To provide a comprehensive analysis of the contributions of various improvements in the LTFR-YOLOv8 method, this study conducted ablation experiments, and Table 6 showed the experimental results. Using M-LTFR, PIoU, and SlideLoss each contributed to enhancing the mAP@0.5 and mAP@0.5:0.95 values to some extent. Among them, M-LTFR showed the most significant improvement in model accuracy. This is due to the fact that M-LTFR primarily focused on preserving a significant amount of shallow texture information, which had a crucial impact on fabric defect detection tasks. Therefore, using M-LTFR greatly enhanced the overall model performance. Additionally, experiments with the individual combinations of the three proposed methods demonstrated the effectiveness of each improvement. In particular, the combination of PIoU with M-LTFR resulted in a slight reduction in mAP@0.5 compared to the original PIoU, due to M-LTFR preserved rich low-level texture features, significantly improving the accuracy of detecting small defect targets. Since small defect anchors have smaller sizes and the PIoU regression process tends to enhance the quality of medium to high-quality anchors, it resulted in a 0.5% decrease in mAP@0.5. However, due to the focus of PIoU on higher-quality anchors, mAP@0.5:0.95 improved by 1.2%, resulting in an overall performance improvement. Combining the three improvements, the LTFR-YOLOv8 was improved by mAP@0.5(8.4%) and mAP@0.5:0.95(4.8%) compared with the YOLOv8, and the number of parameters was reduced by 1.9%. Despite a slight reduction in detection speed, it remains within the acceptable range for the textile industry. Figure 10 illustrated a local comparison of defect detection results, highlighting the superior detection accuracy and improved quality of anchor achieved by LTFR-YOLOv8 in fabric defect detection.

Table 6.

Results of ablation experiments on Tianchi dataset.

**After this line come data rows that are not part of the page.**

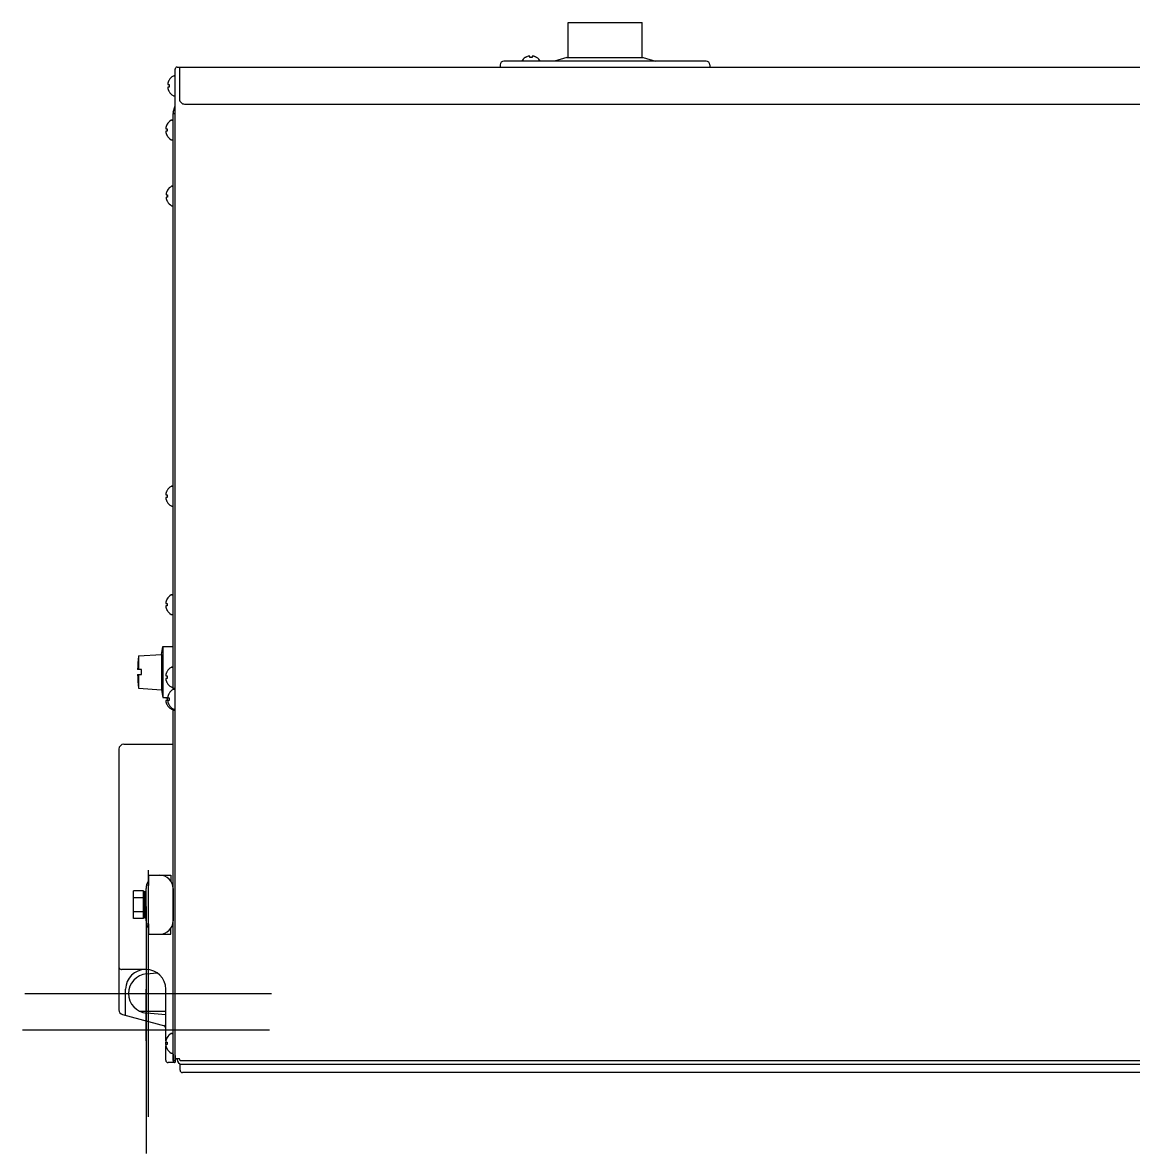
# Model space of a CAD drawing. Header units: millimetres. Extents: x -4975 to 152, y 3757 to 7264.
# Drawn here: x -748.6 to -298.5, y 5578.7 to 6036.8 of the extents above; entities that cross this region are included whole.
import ezdxf

# ---------------------------------------------------------------- set-up
doc = ezdxf.new("R2010")
doc.units = ezdxf.units.MM
doc.header["$LTSCALE"] = 346.5
doc.layers.get('0').update_dxf_attribs({"linetype": 'CONTINUOUS'})
doc.layers.add('GEOM', color=7, linetype='CONTINUOUS')

msp = doc.modelspace()

# ---------------------------------------------------------------- linework, layer by layer
at = {"color": 7, "linetype": 'Continuous'}
for p, q in [((-686.84, 5616.3), (-686.84, 6017.9)), ((-687.64, 5766.64), (-687.64, 6000.04)), ((-690.64, 5845.46), (-690.09, 5845.46)), ((-690.12, 5847.26), (-690.09, 5847.26)), ((-688.24, 5848.96), (-688.04, 5848.96)), ((-690.09, 5844.46), (-690.64, 5844.46)), ((-690.09, 5842.66), (-690.12, 5842.66)), ((-688.24, 5840.96), (-688.04, 5840.96)), ((-688.24, 5805), (-688.04, 5805)), ((-690.64, 5801.5), (-690.09, 5801.5)), ((-690.09, 5800.5), (-690.64, 5800.5)), ((-690.12, 5803.3), (-690.09, 5803.3)), ((-690.09, 5798.7), (-690.12, 5798.7)), ((-688.24, 5797), (-688.04, 5797)), ((-692.4, 5780.85), (-691.84, 5784.03)), ((-691.84, 5784.03), (-691.84, 5763.37)), ((-691.84, 5784.03), (-687.64, 5784.03)), ((-701.7, 5780.2), (-692.4, 5780.85)), ((-701.7, 5780.2), (-701.7, 5774.7)), ((-692.4, 5780.85), (-692.4, 5766.55)), ((-700.53, 5774.7), (-702.03, 5774.7)), ((-702.03, 5772.7), (-700.53, 5772.7)), ((-701.7, 5772.7), (-701.7, 5767.2)), ((-700.53, 5772.7), (-700.53, 5774.7)), ((-690.64, 5772.13), (-690.09, 5772.13)), ((-690.12, 5773.93), (-690.09, 5773.93)), ((-688.24, 5775.63), (-688.04, 5775.63)), ((-690.09, 5771.13), (-690.64, 5771.13)), ((-690.09, 5769.33), (-690.12, 5769.33)), ((-688.24, 5767.63), (-688.04, 5767.63)), ((-701.7, 5767.2), (-692.4, 5766.55)), ((-692.4, 5766.55), (-691.84, 5763.37)), ((-691.84, 5763.37), (-689.85, 5763.37)), ((-690.64, 5763.2), (-690.09, 5763.2)), ((-689.84, 5763.2), (-689.29, 5763.2)), ((-689.32, 5765), (-689.29, 5765)), ((-687.64, 5767.2), (-686.84, 5767.2)), ((-687.44, 5766.7), (-687.24, 5766.7)), ((-690.09, 5762.2), (-690.64, 5762.2)), ((-690.09, 5760.4), (-690.12, 5760.4)), ((-689.29, 5762.2), (-689.84, 5762.2)), ((-689.29, 5760.4), (-689.32, 5760.4)), ((-688.24, 5758.7), (-688.04, 5758.7)), ((-687.64, 5616.3), (-687.64, 5758.75)), ((-687.44, 5758.7), (-687.24, 5758.7)), ((-687.64, 5758.2), (-686.84, 5758.2)), ((-709.61, 5742.45), (-709.61, 5654.2)), ((-707.61, 5744.45), (-691.64, 5744.45)), ((-691.64, 5744.45), (-687.64, 5744.45)), ((-697.64, 5691.45), (-697.64, 5687.17)), ((-697.64, 5691.45), (-688.64, 5691.45)), ((-688.64, 5691.45), (-688.64, 5689.11)), ((-703.64, 5673.8), (-703.64, 5685.1)), ((-699.64, 5685.1), (-703.64, 5685.1)), ((-699.64, 5673.8), (-699.64, 5685.1)), ((-698.64, 5672.95), (-698.64, 5685.95)), ((-697.64, 5687.17), (-698.45, 5687.39)), ((-687.64, 5685.95), (-687.64, 5672.95)), ((-699.64, 5682.27), (-703.64, 5682.27)), ((-699.56, 5682.45), (-699.64, 5682.45)), ((-699.63, 5684.8), (-698.65, 5684.8)), ((-699.16, 5684.75), (-699.63, 5684.69)), ((-699.63, 5684.69), (-699.12, 5684.2)), ((-699.63, 5684.26), (-699.55, 5684.34)), ((-699.16, 5684.05), (-699.63, 5683.94)), ((-699.63, 5683.94), (-699.12, 5683.04)), ((-699.63, 5683.15), (-699.46, 5683.45)), ((-699.16, 5682.81), (-699.63, 5682.66)), ((-699.63, 5682.66), (-699.12, 5681.44)), ((-699.62, 5682.6), (-699.63, 5682.66)), ((-699.16, 5681.15), (-699.63, 5680.99)), ((-699.63, 5680.99), (-699.12, 5679.6)), ((-699.39, 5682.73), (-699.39, 5683.01)), ((-699.39, 5682.73), (-699.39, 5682.93)), ((-699.39, 5681.72), (-699.39, 5681.07)), ((-699.39, 5681.07), (-699.39, 5681.72)), ((-699.25, 5682.8), (-699.21, 5682.86)), ((-699.16, 5684.75), (-698.65, 5684.26)), ((-699.16, 5684.05), (-698.65, 5683.15)), ((-699.16, 5682.81), (-698.65, 5681.59)), ((-699.16, 5681.15), (-698.65, 5679.77)), ((-698.65, 5684.26), (-699.12, 5684.2)), ((-698.65, 5683.15), (-699.12, 5683.04)), ((-698.65, 5681.59), (-699.12, 5681.44)), ((-698.89, 5681.07), (-699.01, 5681.07)), ((-698.89, 5681.03), (-698.93, 5681.03)), ((-698.89, 5682.46), (-698.91, 5682.46)), ((-698.89, 5682.42), (-698.9, 5682.42)), ((-698.89, 5682.39), (-698.89, 5682.46)), ((-698.89, 5682.42), (-698.89, 5682.45)), ((-698.64, 5682.45), (-698.89, 5682.45)), ((-698.89, 5682.16), (-698.89, 5682.39)), ((-698.89, 5681.03), (-698.89, 5681.07)), ((-698.89, 5680.99), (-698.89, 5681.07)), ((-698.89, 5680.42), (-698.89, 5680.99)), ((-698.65, 5682.66), (-698.79, 5682.7)), ((-698.72, 5682.45), (-698.66, 5682.6)), ((-698.65, 5683.94), (-698.71, 5683.96)), ((-698.66, 5682.6), (-698.65, 5682.66)), ((-699.64, 5676.62), (-703.64, 5676.62)), ((-699.39, 5676.45), (-699.64, 5676.45)), ((-699.16, 5679.3), (-699.63, 5679.13)), ((-699.63, 5679.13), (-699.12, 5677.74)), ((-699.16, 5677.46), (-699.63, 5677.31)), ((-699.63, 5677.31), (-699.12, 5676.09)), ((-699.62, 5676.3), (-699.63, 5676.24)), ((-699.49, 5676.19), (-699.63, 5676.24)), ((-699.57, 5676.42), (-699.62, 5676.3)), ((-699.56, 5676.45), (-699.57, 5676.42)), ((-699.39, 5679.45), (-699.39, 5680.24)), ((-699.39, 5679.4), (-699.39, 5680.24)), ((-698.89, 5679.49), (-699.39, 5679.49)), ((-698.89, 5679.45), (-699.39, 5679.45)), ((-699.39, 5679.4), (-699.39, 5679.4)), ((-698.89, 5679.4), (-699.39, 5679.4)), ((-699.39, 5677.87), (-699.39, 5678.47)), ((-699.39, 5677.82), (-699.39, 5678.47)), ((-699.35, 5677.87), (-699.39, 5677.87)), ((-699.27, 5677.82), (-699.39, 5677.82)), ((-699.39, 5676.48), (-699.39, 5676.73)), ((-699.39, 5676.44), (-699.39, 5676.73)), ((-699.38, 5676.48), (-699.39, 5676.48)), ((-699.37, 5676.44), (-699.39, 5676.44)), ((-699.16, 5679.3), (-698.65, 5677.91)), ((-699.16, 5677.46), (-698.65, 5676.24)), ((-698.65, 5679.77), (-699.12, 5679.6)), ((-698.65, 5677.91), (-699.12, 5677.74)), ((-698.65, 5676.24), (-699.12, 5676.09)), ((-699.02, 5676.12), (-699.05, 5676.07)), ((-698.89, 5679.45), (-698.89, 5679.5)), ((-698.89, 5679.4), (-698.89, 5679.49)), ((-698.89, 5678.66), (-698.89, 5679.4)), ((-698.89, 5677.82), (-698.89, 5677.17)), ((-698.89, 5676.16), (-698.89, 5675.96)), ((-698.64, 5676.45), (-698.72, 5676.45)), ((-698.66, 5676.3), (-698.65, 5676.24)), ((-699.64, 5673.8), (-703.64, 5673.8)), ((-699.16, 5675.86), (-699.63, 5675.75)), ((-699.63, 5675.75), (-699.12, 5674.84)), ((-699.57, 5674.94), (-699.63, 5674.95)), ((-699.16, 5674.69), (-699.63, 5674.63)), ((-699.63, 5674.63), (-699.12, 5674.15)), ((-699.16, 5674.1), (-699.63, 5674.1)), ((-699.46, 5675.44), (-699.47, 5675.4)), ((-699.16, 5675.86), (-698.65, 5674.95)), ((-699.16, 5674.69), (-698.65, 5674.21)), ((-699.16, 5674.1), (-698.65, 5674.1)), ((-698.65, 5674.95), (-699.12, 5674.84)), ((-698.65, 5674.21), (-699.12, 5674.15)), ((-698.76, 5675.29), (-698.84, 5675.49)), ((-698.82, 5675.44), (-698.65, 5675.75)), ((-698.69, 5675.14), (-698.76, 5675.29)), ((-698.73, 5674.55), (-698.65, 5674.63)), ((-697.64, 5671.72), (-698.45, 5671.5)), ((-697.64, 5671.72), (-697.64, 5667.45)), ((-697.64, 5667.45), (-688.64, 5667.45)), ((-688.64, 5667.45), (-688.64, 5669.79)), ((-709.64, 5654.2), (-709.64, 5636.88)), ((-698.64, 5653.2), (-708.61, 5653.2)), ((-698.43, 5651.42), (-694.17, 5651.79)), ((-706.89, 5634.61), (-706.89, 5645.2)), ((-698.64, 5624.3), (-698.64, 5645.2)), ((-690.64, 5624.3), (-690.64, 5645.2)), ((-708.16, 5634.95), (-690.64, 5630.25)), ((-690.64, 5636.2), (-701.11, 5636.2)), ((-690.64, 5634.8), (-698.43, 5635.48)), ((-690.12, 5625.6), (-690.09, 5625.6)), ((-688.24, 5627.3), (-688.04, 5627.3)), ((-690.64, 5622.8), (-690.64, 5623.8)), ((-690.64, 5623.8), (-690.09, 5623.8)), ((-690.09, 5622.8), (-690.64, 5622.8)), ((-690.64, 5616.45), (-690.64, 5622.3)), ((-690.09, 5621), (-690.12, 5621)), ((-688.24, 5619.3), (-688.04, 5619.3)), ((-687.64, 5618.9), (-687.64, 5615.45)), ((-686.84, 5618.3), (-686.84, 5615.7)), ((-686.84, 5617.1), (-685.06, 5617.1)), ((-686.04, 5616.7), (-686.04, 5617.1)), ((-687.09, 5615.45), (-689.64, 5615.45)), ((-687.64, 5616.3), (-686.84, 5616.3)), ((-684.84, 5612.4), (-684.84, 5614.9)), ((-684.84, 5614.9), (-14.64, 5614.9)), ((9.28, 5616.2), (-684.65, 5616.2)), ((-15.84, 5611.4), (-683.84, 5611.4))]:
    msp.add_line(p, q, dxfattribs=at)
at = {"color": 4}
for p, q in [((-697.73, 5693.45), (-697.73, 5593.45)), ((-747.73, 5643.45), (-647.73, 5643.45))]:
    msp.add_line(p, q, dxfattribs=at)
at = {"color": 1}
for p, q in [((-698.64, 5678.7), (-698.64, 5578.7)), ((-748.64, 5628.7), (-648.64, 5628.7))]:
    msp.add_line(p, q, dxfattribs=at)
at = {"color": 7, "linetype": 'Continuous'}
for points in [[(-699.62, 5682.6), (-699.56, 5682.44), (-699.48, 5682.24)], [(-699.59, 5683.75), (-699.57, 5683.73), (-699.53, 5683.64), (-699.5, 5683.55), (-699.46, 5683.46)], [(-699.5, 5684.24), (-699.49, 5684.23), (-699.48, 5684.21), (-699.47, 5684.18), (-699.46, 5684.16), (-699.45, 5684.13), (-699.44, 5684.11), (-699.43, 5684.09), (-699.42, 5684.06), (-699.42, 5684.04), (-699.41, 5684.02), (-699.41, 5684)], [(-699.48, 5682.24), (-699.43, 5682.06), (-699.4, 5681.89), (-699.39, 5681.72)], [(-699.46, 5683.46), (-699.44, 5683.37), (-699.41, 5683.28)], [(-699.41, 5683.28), (-699.4, 5683.18), (-699.39, 5683.09), (-699.39, 5683.01)], [(-698.82, 5683.45), (-698.76, 5683.61), (-698.69, 5683.75)], [(-698.8, 5676.66), (-698.86, 5676.85), (-698.89, 5677), (-698.89, 5677.17)], [(-698.84, 5675.49), (-698.88, 5675.71), (-698.89, 5675.96)], [(-698.66, 5676.3), (-698.73, 5676.46), (-698.8, 5676.66)], [(-699.47, 5675.4), (-699.51, 5675.32), (-699.54, 5675.24), (-699.58, 5675.16), (-699.59, 5675.14)], [(-698.79, 5674.65), (-698.85, 5674.79), (-698.87, 5674.9)]]:
    msp.add_lwpolyline(points, dxfattribs=at)
for centre, radius, start, end in [((-688.67, 5845.71), 1.98, 174.8627, 175.7144), ((-688.68, 5845.71), 1.97, 175.714, 176.9766), ((-688.69, 5845.71), 1.96, 176.9771, 178.0037), ((-688.7, 5845.71), 1.95, 178.0037, 179.0738), ((-688.7, 5845.71), 1.95, 179.0741, 181.1541), ((-688.7, 5845.71), 1.95, 181.1545, 182.3767), ((-688.69, 5845.71), 1.96, 182.3765, 183.2159), ((-688.68, 5845.72), 1.97, 183.2167, 184.6016), ((-688.67, 5845.72), 1.98, 184.6009, 185.2558), ((-686.14, 5844.82), 4.64, 163.6036, 165.6824), ((-688.65, 5845.71), 2.01, 172.7256, 174.8598), ((-688.65, 5845.72), 2.01, 185.2585, 187.2741), ((-686.11, 5844.81), 4.67, 162.6228, 163.6051), ((-686.1, 5844.8), 4.68, 161.535, 162.6227), ((-686.08, 5844.8), 4.7, 159.4813, 161.5344), ((-686.07, 5844.79), 4.72, 158.9977, 159.4819), ((-686.06, 5844.79), 4.72, 157.4524, 158.9975), ((-686.06, 5844.79), 4.73, 156.6826, 157.4526), ((-686.05, 5844.79), 4.73, 155.4278, 156.6825), ((-686.05, 5844.78), 4.74, 154.4598, 155.4278), ((-686.04, 5844.78), 4.74, 153.3188, 154.4598), ((-686.04, 5844.78), 4.75, 151.9926, 153.3187), ((-686.04, 5844.78), 4.75, 151.0316, 151.9926), ((-686.03, 5844.78), 4.75, 148.4659, 151.0313), ((-686.02, 5844.77), 4.8, 120.3012, 148.6273), ((-686.33, 5844.96), 3.79, 172.4013, 179.9911), ((-688.24, 5848.56), 0.4, 90, 120.3012), ((-688.04, 5848.56), 0.4, 0, 90), ((-688.67, 5844.21), 1.98, 174.7442, 175.3991), ((-688.68, 5844.21), 1.97, 175.3984, 176.7833), ((-688.69, 5844.21), 1.96, 176.7841, 177.6235), ((-688.7, 5844.21), 1.96, 177.6234, 178.8455), ((-688.7, 5844.21), 1.95, 178.8459, 180.9258), ((-688.7, 5844.21), 1.95, 180.9261, 181.9964), ((-688.69, 5844.21), 1.96, 181.9964, 183.0228), ((-688.68, 5844.21), 1.97, 183.0233, 184.286), ((-688.67, 5844.22), 1.98, 184.2856, 185.1372), ((-688.65, 5844.21), 2.01, 172.7259, 174.7415), ((-688.65, 5844.22), 2.01, 185.1401, 187.2744), ((-686.14, 5845.11), 4.64, 194.3176, 196.3964), ((-686.11, 5845.12), 4.67, 196.3949, 197.3772), ((-686.1, 5845.12), 4.68, 197.3773, 198.465), ((-686.08, 5845.13), 4.7, 198.4656, 200.5187), ((-686.07, 5845.13), 4.72, 200.5181, 201.0023), ((-686.06, 5845.14), 4.72, 201.0025, 202.5476), ((-686.06, 5845.14), 4.73, 202.5474, 203.3174), ((-686.05, 5845.14), 4.73, 203.3175, 204.5722), ((-686.05, 5845.14), 4.74, 204.5722, 205.5402), ((-686.04, 5845.15), 4.74, 205.5402, 206.6812), ((-686.04, 5845.15), 4.75, 206.6813, 208.0074), ((-686.04, 5845.15), 4.75, 208.0074, 208.9684), ((-686.03, 5845.15), 4.75, 208.9687, 211.5341), ((-686.33, 5844.96), 3.79, 180.0089, 187.5987), ((-686.02, 5845.16), 4.8, 211.3727, 239.6988), ((-688.24, 5841.36), 0.4, 239.6988, 270), ((-688.04, 5841.36), 0.4, 270, 0), ((-686.02, 5800.8), 4.8, 120.3012, 148.6273), ((-688.24, 5804.6), 0.4, 90, 120.3012), ((-688.04, 5804.6), 0.4, 0, 90), ((-688.67, 5801.75), 1.98, 174.8627, 175.7144), ((-688.68, 5801.75), 1.97, 175.714, 176.9766), ((-688.69, 5801.75), 1.96, 176.9771, 178.0037), ((-688.7, 5801.75), 1.95, 178.0037, 179.0738), ((-688.7, 5801.75), 1.95, 179.0741, 181.1541), ((-688.7, 5801.75), 1.95, 181.1545, 182.3767), ((-688.69, 5801.75), 1.96, 182.3765, 183.2159), ((-688.68, 5801.75), 1.97, 183.2167, 184.6016), ((-688.67, 5801.75), 1.98, 184.6009, 185.2558), ((-688.67, 5800.25), 1.98, 174.7442, 175.3991), ((-688.68, 5800.25), 1.97, 175.3984, 176.7833), ((-688.69, 5800.25), 1.96, 176.7841, 177.6235), ((-688.7, 5800.25), 1.96, 177.6234, 178.8455), ((-688.7, 5800.25), 1.95, 178.8459, 180.9258), ((-688.7, 5800.25), 1.95, 180.9261, 181.9964), ((-688.69, 5800.25), 1.96, 181.9964, 183.0228), ((-688.68, 5800.25), 1.97, 183.0233, 184.286), ((-688.67, 5800.25), 1.98, 184.2856, 185.1372), ((-686.14, 5800.85), 4.64, 163.6036, 165.6824), ((-688.65, 5801.74), 2.01, 172.7256, 174.8598), ((-688.65, 5801.75), 2.01, 185.2585, 187.2741), ((-688.65, 5800.24), 2.01, 172.7259, 174.7415), ((-688.65, 5800.25), 2.01, 185.1401, 187.2744), ((-686.14, 5801.14), 4.64, 194.3176, 196.3964), ((-686.11, 5800.84), 4.67, 162.6228, 163.6051), ((-686.11, 5801.15), 4.67, 196.3949, 197.3772), ((-686.1, 5800.84), 4.68, 161.535, 162.6227), ((-686.1, 5801.16), 4.68, 197.3773, 198.465), ((-686.08, 5800.83), 4.7, 159.4813, 161.5344), ((-686.08, 5801.16), 4.7, 198.4656, 200.5187), ((-686.07, 5800.83), 4.72, 158.9977, 159.4819), ((-686.06, 5800.82), 4.72, 157.4524, 158.9975), ((-686.06, 5800.82), 4.73, 156.6826, 157.4526), ((-686.05, 5800.82), 4.73, 155.4278, 156.6825), ((-686.05, 5800.82), 4.74, 154.4598, 155.4278), ((-686.04, 5800.82), 4.74, 153.3188, 154.4598), ((-686.04, 5800.81), 4.75, 151.9926, 153.3187), ((-686.04, 5800.81), 4.75, 151.0316, 151.9926), ((-686.03, 5800.81), 4.75, 148.4659, 151.0313), ((-686.33, 5801), 3.79, 172.4013, 179.9911), ((-686.33, 5801), 3.79, 180.0089, 187.5987), ((-686.07, 5801.17), 4.72, 200.5181, 201.0023), ((-686.06, 5801.17), 4.72, 201.0025, 202.5476), ((-686.06, 5801.17), 4.73, 202.5474, 203.3174), ((-686.05, 5801.18), 4.73, 203.3175, 204.5722), ((-686.05, 5801.18), 4.74, 204.5722, 205.5402), ((-686.04, 5801.18), 4.74, 205.5402, 206.6812), ((-686.04, 5801.18), 4.75, 206.6813, 208.0074), ((-686.04, 5801.18), 4.75, 208.0074, 208.9684), ((-686.03, 5801.18), 4.75, 208.9687, 211.5341), ((-686.02, 5801.2), 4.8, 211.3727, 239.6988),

YOLOv8s	PIoU	M-LTFR	SlideLoss	mAP@0.5(%)	mAP@0.5:0.95(%)	Parameters (M)	FPS
√				40.6	19.2	21.46	172
√	√			43.6	22.9	21.46	178
√		√		45.7	22.6	21.04	163
√			√	42.9	21.2	21.46	178
√	√		√	44.5	21.6	21.46	188
√	√	√		45.2	23.8	21.04	169
√		√	√	46.2	23.4	21.04	166
√	√	√	√	49	24.0	21.04	169

Figure 10.

Comparison of detection effect on Tianchi dataset.

Finally, to validate the effectiveness of our proposed method, we conducted a comparison with several advanced detection models, as shown in Table 7. The results demonstrated that while LTFR-YOLOv8 may not be the fastest in terms of detection speed, it achieved the highest average accuracy. Additionally, the network model size was smaller compared to most models, making it easier to deploy on mobile and embedded devices. This aspect fulfilled the algorithm requirements of the textile detection industry effectively.

Table 7.

Comparison of results on TianChi dataset between LTFR-YOLOv8 and others models.

Model	mAP@0.5 (%)	mAP@0.5:0.95 (%)	Weight (M)	FPS
YOLO5s	45.7	22.2	13.54	192
YOLO6n6	29.3	13.6	10.35	119
YOLO7	42	20.3	71.65	164
YOLO8n	38.8	19.2	5.94	207
YOLO8s	40.6	19.2	21.46	172
YOLO8m	44.8	23.0	49.62	119
YOLO8l	42.8	21.2	83.60	93
YOLO8x	41.8	21.2	130.41	65
YOLOv9-c	43.9	23.0	96.84	31
YOLOv10s	40.6	23.2	15.8	158
YOLOv11s	42.0	23.1	18.3	149
LTFR-YOLOv8	49	24	21.04	169

To assess the LTFR-YOLOv8 network’s generalization and robustness, in addition to conducting experiments on the Tianchi dataset, this research also conducted another set of experiments. We selected our self-built Denim fabric dataset, which is derived from the actual production workshops, and contained a total of 15 kinds of fabric defects and 6241 defect images. Each image had a resolution of 3072 × 2048. Defect types included Flying lowers, Flying sand, Double warp, Weft shrinkage, Double weft, Cotton grain, Broken tail, Loose warp, Weft jump, Thin path, Fine path, Weft knot, Small broken warp, and Rib warp. The experimental setup and evaluation parameters were identical to the previous experiment, and the corresponding results were summarized in Table 8. Compared with the baseline YOLOv8s algorithm, the LTFR-YOLOv8 algorithm increased the mAP@0.5 by 6% and the mAP@0.5:0.95 by 3.1%, respectively. Figure 11 illustrated the local comparison of defect detection results. LTFR-YOLOv8 exhibited improved detection accuracy for the denim fabric dataset, particularly addressing the issue of low detection accuracy encountered by the YOLOv8 model when dealing with small defects. The experiments demonstrated that the LTFR-YOLOv8 showed significant improvements.

Table 8.

Performance of PIoU for different hyperparameter values.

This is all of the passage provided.